Organização dos capítulos
O livro contém quatro capítulos. No primeiro, a autora articula as reformas do ensino médio com as mudanças operadas nos vários editais do concurso, fazendo uma espécie de revisão crítica dos princípios teóricos do sistema de avaliação. Este capítulo apresenta ainda um quadro detalhado com o período histórico do início do Enem até o ano das redações estudadas: 1998-2012, o crescente número de inscritos; os diferentes presidentes do Inep, os ministros da Educação, assim como os presidentes da República.
O segundo capítulo se ocupa do detalhamento da perspectiva teórica sobre o enunciado concreto e o discurso citado à luz da teoria do filósofo russo Mikhail Bakhtin (1895-1975) e o Círculo e as noções de letramentos à luz da teoria de Brian Street (1943). No terceiro, há destaque para as orientações metodológicas usadas para a análise das redações. “As redações são tratadas aqui como enunciados concretos. O texto escrito do candidato do Enem torna-se revelador de um sujeito com interação com outras vozes sociais”, destaca a pesquisadora no livro.
O último capítulo analisa as 121 redações selecionadas, abordando como os candidatos dialogaram com o tema pedido na redação. Sobre esta parte, a orientadora da pesquisa e professora da FFLCH-USP, Maria Inês, ressalta que, neste contexto, “as redações, abordadas sob a perspectiva dialógica, deixam de ser objetos para correção e atributo de nota, mas se transformam em interlocutores vivos; condensam posicionamentos de cidadãos e assumem pontos de vista, marcando um evento decisivo: o ingresso à universidade”.
Diálogo
O livro não é dirigido só aos pesquisadores e professores da área de Letras, mas também aos interessados em entender mais sobre o jovem brasileiro e o que está por trás do texto dele, “um sujeito que está dialogando e dando suas opiniões, e ver os discursos que do seu texto ecoam”, destaca Nathália.

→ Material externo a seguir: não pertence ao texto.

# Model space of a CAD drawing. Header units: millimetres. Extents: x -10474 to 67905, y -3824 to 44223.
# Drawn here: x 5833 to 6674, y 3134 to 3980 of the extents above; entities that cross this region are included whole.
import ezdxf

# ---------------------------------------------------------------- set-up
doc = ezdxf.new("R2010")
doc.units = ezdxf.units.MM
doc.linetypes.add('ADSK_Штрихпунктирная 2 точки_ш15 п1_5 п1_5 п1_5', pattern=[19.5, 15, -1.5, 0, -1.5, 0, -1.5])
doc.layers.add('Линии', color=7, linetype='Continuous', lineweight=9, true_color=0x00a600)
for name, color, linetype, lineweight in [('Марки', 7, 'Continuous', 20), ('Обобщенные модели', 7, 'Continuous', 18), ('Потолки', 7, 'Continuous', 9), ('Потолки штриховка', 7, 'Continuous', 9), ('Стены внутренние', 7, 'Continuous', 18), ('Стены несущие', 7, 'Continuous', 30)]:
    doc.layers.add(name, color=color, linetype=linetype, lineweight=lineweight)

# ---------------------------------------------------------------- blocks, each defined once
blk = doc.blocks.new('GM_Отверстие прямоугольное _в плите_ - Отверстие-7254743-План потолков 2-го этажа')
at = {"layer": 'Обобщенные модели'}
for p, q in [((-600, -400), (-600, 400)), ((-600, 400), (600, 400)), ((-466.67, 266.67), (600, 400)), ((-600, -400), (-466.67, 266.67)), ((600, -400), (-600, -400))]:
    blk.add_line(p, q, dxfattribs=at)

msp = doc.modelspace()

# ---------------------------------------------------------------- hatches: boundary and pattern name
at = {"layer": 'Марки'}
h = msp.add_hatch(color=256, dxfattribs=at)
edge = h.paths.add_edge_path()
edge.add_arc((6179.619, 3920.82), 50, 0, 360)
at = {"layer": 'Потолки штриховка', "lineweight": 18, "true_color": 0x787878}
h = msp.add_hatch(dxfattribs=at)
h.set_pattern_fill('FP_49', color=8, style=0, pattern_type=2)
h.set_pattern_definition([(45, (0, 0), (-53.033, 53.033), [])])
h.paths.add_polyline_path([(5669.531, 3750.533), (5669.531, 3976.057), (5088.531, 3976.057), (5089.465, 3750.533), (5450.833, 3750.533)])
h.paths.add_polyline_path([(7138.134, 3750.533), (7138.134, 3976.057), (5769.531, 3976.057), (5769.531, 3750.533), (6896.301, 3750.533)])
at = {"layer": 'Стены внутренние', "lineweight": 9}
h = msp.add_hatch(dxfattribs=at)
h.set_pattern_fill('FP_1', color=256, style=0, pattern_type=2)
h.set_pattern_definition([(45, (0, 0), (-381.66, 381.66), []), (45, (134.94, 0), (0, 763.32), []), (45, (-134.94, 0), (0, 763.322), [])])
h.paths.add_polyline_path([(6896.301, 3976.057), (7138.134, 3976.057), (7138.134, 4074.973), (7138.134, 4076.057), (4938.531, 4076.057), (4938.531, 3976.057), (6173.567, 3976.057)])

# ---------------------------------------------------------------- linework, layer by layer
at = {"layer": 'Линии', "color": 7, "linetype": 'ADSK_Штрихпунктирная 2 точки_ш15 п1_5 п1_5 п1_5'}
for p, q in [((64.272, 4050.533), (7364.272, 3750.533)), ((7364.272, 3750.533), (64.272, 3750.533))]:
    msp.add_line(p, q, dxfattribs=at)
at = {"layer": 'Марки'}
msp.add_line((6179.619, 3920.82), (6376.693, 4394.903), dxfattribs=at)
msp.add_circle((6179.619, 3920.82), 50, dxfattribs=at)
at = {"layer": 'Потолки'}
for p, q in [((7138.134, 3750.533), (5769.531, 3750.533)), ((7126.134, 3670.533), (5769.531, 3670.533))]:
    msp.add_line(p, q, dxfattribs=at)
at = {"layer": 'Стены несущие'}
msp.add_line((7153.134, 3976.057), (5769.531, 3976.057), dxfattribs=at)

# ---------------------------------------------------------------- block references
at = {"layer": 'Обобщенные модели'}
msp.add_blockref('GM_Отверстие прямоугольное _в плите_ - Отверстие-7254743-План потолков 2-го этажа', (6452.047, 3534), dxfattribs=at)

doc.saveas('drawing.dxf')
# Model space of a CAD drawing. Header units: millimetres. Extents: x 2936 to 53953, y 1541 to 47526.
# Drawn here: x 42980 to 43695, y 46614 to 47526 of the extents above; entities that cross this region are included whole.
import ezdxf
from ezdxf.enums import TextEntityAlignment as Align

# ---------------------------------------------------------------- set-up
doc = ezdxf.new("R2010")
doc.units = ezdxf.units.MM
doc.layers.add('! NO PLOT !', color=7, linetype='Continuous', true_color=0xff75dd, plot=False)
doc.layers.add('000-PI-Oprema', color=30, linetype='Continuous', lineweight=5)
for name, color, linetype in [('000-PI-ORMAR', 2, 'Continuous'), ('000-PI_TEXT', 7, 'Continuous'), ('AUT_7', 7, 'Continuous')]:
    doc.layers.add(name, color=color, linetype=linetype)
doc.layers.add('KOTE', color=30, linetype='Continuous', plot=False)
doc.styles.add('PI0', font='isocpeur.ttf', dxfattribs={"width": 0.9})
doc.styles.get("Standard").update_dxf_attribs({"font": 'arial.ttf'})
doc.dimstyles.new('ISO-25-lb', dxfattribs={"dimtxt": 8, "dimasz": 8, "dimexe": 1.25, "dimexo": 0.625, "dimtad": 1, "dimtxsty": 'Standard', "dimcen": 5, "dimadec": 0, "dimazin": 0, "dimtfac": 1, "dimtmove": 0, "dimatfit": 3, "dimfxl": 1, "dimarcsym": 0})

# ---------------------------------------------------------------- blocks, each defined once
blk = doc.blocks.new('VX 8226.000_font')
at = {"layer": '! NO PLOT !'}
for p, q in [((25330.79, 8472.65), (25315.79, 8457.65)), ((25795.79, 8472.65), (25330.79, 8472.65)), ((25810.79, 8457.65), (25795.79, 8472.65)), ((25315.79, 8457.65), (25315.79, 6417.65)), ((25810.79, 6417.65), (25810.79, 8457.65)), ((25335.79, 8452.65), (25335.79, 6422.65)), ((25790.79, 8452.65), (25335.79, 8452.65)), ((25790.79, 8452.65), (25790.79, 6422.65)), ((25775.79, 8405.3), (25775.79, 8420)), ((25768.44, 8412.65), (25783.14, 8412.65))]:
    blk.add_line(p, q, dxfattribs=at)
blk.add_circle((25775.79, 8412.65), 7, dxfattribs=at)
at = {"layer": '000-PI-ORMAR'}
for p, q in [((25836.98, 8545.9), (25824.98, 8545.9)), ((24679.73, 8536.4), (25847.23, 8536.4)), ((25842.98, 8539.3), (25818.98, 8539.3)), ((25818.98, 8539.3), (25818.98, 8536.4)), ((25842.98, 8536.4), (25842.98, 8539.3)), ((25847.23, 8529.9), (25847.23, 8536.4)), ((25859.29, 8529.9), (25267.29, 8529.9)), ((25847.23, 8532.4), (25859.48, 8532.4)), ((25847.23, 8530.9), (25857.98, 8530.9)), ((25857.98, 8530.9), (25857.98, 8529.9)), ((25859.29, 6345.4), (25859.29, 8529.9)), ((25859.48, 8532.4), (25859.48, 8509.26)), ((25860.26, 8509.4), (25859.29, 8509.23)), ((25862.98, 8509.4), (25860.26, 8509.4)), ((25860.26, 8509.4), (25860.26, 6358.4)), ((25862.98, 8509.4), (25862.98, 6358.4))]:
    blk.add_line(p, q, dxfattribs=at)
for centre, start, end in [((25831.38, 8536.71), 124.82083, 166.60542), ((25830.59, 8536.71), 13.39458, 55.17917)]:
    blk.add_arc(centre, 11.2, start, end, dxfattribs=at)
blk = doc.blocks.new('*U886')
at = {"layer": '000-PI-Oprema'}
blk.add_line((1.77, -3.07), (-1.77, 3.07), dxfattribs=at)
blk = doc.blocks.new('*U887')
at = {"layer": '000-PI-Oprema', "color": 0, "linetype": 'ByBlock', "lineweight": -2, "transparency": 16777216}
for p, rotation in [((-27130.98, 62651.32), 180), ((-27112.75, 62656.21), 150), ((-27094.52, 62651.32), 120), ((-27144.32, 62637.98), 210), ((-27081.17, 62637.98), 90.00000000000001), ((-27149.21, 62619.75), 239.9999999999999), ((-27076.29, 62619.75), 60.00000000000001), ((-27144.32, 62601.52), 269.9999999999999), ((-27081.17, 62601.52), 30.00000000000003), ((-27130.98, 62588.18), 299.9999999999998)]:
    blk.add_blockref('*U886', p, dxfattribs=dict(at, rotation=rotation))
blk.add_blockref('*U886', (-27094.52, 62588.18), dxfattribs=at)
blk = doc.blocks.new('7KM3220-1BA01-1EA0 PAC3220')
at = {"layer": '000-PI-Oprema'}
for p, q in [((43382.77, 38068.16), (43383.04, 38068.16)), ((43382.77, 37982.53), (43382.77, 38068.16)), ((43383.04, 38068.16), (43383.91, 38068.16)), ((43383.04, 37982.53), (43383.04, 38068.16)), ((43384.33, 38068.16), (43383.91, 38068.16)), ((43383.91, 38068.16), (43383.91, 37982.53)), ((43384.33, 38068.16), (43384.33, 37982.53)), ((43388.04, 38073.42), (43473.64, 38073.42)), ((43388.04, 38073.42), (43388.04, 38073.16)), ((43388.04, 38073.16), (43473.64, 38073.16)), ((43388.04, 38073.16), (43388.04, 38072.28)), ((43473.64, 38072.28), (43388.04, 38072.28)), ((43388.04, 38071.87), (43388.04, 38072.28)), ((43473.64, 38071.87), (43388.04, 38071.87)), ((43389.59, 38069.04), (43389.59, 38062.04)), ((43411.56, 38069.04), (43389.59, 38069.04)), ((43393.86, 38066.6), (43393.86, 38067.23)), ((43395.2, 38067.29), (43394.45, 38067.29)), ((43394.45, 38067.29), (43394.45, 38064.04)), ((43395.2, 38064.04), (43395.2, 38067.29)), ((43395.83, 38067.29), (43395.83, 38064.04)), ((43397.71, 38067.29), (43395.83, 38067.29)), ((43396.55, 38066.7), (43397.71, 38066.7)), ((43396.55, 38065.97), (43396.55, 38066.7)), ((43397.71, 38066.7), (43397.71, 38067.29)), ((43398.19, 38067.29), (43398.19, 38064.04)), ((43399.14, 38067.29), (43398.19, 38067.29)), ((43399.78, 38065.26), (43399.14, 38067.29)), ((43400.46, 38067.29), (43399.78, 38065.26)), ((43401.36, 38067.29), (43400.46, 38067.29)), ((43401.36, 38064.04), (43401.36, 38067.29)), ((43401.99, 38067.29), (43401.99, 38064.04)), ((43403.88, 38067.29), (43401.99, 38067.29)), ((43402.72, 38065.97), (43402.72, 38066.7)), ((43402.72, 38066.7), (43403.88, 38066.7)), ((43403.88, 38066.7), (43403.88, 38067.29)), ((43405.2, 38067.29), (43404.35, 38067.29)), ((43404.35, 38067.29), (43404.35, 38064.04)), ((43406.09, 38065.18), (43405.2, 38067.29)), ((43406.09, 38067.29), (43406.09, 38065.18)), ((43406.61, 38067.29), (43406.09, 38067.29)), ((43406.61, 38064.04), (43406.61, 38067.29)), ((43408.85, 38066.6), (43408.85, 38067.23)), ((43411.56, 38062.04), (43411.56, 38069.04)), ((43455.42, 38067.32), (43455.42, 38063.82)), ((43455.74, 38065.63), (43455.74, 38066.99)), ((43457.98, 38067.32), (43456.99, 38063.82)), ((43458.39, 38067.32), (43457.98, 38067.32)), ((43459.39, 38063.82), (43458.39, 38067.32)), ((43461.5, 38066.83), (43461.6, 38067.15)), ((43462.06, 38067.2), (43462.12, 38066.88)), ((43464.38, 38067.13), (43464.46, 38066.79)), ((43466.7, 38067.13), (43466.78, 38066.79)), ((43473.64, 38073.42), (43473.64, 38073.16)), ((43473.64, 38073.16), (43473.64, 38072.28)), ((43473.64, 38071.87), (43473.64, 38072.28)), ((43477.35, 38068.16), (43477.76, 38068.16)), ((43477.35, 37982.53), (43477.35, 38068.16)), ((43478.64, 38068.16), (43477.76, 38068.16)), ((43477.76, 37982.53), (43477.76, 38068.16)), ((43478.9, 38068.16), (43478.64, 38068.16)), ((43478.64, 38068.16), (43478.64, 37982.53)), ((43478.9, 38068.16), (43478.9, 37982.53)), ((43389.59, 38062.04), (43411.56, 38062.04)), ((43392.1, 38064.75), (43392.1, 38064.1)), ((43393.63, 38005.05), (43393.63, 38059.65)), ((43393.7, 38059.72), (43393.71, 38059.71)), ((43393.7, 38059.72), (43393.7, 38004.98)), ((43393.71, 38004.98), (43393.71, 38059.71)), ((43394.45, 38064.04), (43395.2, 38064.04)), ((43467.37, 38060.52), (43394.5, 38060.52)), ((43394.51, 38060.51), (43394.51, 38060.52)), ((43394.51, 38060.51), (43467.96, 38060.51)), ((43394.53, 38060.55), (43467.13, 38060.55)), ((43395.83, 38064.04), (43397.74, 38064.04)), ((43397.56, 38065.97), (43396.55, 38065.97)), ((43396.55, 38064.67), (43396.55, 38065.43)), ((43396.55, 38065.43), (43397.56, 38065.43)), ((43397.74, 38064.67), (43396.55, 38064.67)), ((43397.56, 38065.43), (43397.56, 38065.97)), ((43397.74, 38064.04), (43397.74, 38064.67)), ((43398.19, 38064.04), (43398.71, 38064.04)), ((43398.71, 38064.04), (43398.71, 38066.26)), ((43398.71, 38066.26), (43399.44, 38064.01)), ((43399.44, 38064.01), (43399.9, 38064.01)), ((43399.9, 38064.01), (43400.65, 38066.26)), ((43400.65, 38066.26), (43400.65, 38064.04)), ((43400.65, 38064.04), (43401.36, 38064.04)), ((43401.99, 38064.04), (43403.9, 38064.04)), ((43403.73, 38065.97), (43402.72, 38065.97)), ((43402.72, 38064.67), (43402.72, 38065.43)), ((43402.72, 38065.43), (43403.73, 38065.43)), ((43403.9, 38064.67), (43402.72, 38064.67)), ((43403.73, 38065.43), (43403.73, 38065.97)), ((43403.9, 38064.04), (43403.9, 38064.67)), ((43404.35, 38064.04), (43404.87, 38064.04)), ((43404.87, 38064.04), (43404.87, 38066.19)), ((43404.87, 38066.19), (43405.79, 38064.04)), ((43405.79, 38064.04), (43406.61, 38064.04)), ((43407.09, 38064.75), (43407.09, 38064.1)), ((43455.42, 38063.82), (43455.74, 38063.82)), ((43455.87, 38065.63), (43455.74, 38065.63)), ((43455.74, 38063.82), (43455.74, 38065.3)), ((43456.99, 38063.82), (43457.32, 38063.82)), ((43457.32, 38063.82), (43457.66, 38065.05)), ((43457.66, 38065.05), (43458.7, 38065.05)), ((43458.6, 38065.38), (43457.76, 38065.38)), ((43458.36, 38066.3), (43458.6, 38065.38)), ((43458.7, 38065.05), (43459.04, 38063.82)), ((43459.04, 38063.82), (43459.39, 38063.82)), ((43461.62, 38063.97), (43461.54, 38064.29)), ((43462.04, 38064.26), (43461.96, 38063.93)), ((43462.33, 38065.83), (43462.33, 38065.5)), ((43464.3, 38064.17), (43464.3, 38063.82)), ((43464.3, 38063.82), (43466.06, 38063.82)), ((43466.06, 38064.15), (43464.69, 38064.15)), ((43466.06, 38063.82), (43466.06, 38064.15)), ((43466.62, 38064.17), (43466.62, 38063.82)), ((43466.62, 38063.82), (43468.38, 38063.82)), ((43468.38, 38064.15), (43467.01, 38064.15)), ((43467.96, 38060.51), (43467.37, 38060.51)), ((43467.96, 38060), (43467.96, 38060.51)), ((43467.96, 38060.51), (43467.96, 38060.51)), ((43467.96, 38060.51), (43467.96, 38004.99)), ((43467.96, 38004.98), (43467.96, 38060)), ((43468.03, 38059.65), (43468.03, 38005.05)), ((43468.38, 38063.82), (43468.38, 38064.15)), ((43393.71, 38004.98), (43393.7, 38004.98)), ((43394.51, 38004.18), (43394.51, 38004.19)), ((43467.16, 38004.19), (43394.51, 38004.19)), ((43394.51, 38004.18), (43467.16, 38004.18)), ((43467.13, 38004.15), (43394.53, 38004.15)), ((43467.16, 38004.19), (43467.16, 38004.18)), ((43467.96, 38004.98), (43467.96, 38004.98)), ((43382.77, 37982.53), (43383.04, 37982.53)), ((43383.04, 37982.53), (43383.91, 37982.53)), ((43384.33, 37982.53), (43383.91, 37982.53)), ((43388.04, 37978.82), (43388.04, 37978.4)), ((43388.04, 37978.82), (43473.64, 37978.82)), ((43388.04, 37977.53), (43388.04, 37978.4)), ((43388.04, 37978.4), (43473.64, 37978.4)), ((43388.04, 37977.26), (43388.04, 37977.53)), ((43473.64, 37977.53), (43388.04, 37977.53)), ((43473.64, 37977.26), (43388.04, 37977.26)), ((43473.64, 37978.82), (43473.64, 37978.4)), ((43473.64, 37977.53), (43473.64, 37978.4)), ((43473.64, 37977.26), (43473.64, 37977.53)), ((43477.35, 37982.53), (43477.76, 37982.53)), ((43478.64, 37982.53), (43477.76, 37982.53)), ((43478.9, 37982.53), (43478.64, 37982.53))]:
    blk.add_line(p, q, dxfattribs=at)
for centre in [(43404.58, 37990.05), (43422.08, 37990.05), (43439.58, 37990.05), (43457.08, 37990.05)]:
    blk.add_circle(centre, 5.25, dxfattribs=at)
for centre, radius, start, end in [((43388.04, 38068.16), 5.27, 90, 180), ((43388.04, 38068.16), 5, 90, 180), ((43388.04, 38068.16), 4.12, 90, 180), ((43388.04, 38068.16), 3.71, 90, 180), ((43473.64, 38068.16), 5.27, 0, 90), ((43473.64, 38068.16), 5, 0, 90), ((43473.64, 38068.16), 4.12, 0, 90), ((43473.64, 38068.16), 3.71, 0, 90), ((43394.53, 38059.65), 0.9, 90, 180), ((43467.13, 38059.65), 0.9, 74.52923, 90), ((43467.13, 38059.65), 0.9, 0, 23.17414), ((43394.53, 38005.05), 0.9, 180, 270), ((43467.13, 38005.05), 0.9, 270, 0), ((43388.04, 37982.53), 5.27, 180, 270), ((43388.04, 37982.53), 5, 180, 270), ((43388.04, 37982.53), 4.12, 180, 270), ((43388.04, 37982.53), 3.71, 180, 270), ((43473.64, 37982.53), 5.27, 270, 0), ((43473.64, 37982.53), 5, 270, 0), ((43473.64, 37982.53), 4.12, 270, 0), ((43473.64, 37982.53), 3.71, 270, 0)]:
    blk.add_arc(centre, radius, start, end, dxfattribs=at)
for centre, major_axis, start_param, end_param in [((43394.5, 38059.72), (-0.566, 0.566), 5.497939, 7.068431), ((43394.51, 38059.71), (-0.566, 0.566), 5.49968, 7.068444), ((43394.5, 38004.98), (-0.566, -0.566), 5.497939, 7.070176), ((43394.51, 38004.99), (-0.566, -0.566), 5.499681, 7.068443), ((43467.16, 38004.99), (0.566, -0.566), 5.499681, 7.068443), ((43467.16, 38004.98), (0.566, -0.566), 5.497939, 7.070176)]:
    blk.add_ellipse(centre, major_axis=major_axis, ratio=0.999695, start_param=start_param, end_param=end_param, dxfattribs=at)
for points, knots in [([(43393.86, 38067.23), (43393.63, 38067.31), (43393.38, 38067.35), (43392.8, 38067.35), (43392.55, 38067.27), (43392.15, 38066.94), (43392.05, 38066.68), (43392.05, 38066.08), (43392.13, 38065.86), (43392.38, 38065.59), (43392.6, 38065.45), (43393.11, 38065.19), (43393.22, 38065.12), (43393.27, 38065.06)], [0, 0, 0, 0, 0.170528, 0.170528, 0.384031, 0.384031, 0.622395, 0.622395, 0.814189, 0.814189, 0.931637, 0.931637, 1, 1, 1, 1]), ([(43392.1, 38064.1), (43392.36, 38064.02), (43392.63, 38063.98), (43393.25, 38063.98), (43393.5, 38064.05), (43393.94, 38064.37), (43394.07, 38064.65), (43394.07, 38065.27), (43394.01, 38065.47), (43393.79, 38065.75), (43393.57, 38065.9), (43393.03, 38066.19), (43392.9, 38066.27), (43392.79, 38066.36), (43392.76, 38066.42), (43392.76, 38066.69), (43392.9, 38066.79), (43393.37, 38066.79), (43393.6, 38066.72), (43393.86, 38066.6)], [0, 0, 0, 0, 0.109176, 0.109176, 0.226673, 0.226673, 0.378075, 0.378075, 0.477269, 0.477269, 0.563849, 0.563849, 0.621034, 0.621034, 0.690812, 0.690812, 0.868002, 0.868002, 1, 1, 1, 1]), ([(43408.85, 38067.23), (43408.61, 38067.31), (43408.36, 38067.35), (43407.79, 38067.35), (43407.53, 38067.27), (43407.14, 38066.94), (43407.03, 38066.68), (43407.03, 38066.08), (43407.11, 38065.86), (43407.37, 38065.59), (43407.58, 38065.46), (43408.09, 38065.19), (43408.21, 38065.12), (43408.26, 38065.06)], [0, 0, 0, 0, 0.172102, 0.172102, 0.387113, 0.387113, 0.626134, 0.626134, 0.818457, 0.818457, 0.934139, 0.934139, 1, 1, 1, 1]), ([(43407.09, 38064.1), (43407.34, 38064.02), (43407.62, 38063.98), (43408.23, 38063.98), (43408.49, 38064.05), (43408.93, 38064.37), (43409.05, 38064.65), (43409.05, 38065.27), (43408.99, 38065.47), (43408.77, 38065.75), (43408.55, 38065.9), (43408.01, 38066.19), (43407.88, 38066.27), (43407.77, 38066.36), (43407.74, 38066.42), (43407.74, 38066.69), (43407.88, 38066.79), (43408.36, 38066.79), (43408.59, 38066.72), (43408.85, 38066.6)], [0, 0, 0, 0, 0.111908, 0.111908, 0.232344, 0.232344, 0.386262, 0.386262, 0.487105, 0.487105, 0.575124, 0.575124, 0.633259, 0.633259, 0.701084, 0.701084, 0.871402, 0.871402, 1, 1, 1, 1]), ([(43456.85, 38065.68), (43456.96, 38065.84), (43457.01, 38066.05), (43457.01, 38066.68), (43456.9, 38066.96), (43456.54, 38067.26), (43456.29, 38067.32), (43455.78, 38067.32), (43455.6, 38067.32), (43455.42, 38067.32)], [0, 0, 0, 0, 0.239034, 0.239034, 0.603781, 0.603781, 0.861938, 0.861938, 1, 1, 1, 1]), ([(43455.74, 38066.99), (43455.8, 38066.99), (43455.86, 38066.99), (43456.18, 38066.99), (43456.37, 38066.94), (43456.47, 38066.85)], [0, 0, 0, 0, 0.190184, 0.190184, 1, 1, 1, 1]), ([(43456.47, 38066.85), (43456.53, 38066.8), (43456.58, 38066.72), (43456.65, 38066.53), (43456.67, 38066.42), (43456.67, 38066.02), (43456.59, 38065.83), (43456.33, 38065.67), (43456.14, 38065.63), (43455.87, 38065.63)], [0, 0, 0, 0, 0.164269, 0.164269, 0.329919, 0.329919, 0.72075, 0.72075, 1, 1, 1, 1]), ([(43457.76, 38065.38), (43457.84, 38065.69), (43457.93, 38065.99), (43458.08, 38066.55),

Na obra, é frisado que, muitas vezes, o ensino de produção de textos pouco colabora para que os escreventes assumam réplicas ativas pensadas como formas de defesa de um ponto de vista para a elaboração de textos argumentativos nas diversas práticas sociais, visto que é encarado como um repertório técnico. Por isso, a aproximação com o ensino de produção de textos requer formas de escolarização diferenciadas daquelas que consideram apenas o uso “correto” de elementos linguísticos e padrões de textualidade.
“Escrever um texto com autoria e autonomia não é uma receita de bolo, como é ensinada muitas vezes, por exemplo. Porque, quem escreve é um sujeito histórico, social e com um embasamento linguístico. Na escola, o aluno deve ser preparado não só para fazer uma prova como o Enem, mas para saber dialogar na e com a vida”, ressalta.
Para finalizar, Nathália diz que “ao situar as redações do Enem no seu contexto social amplo, como foi feita nesta pesquisa, encontram-se as vozes dos alunos do ensino médio brasileiro. E, verifica-se também, em alguns textos, que os recursos estilísticos e gramaticais usados foram mobilizados a partir de suas possibilidades expressivas para a escrita argumentativa, enquanto que, em outros textos, esse trabalho ficou restrito a cópias, aplicações mecânicas e reduções temáticas”.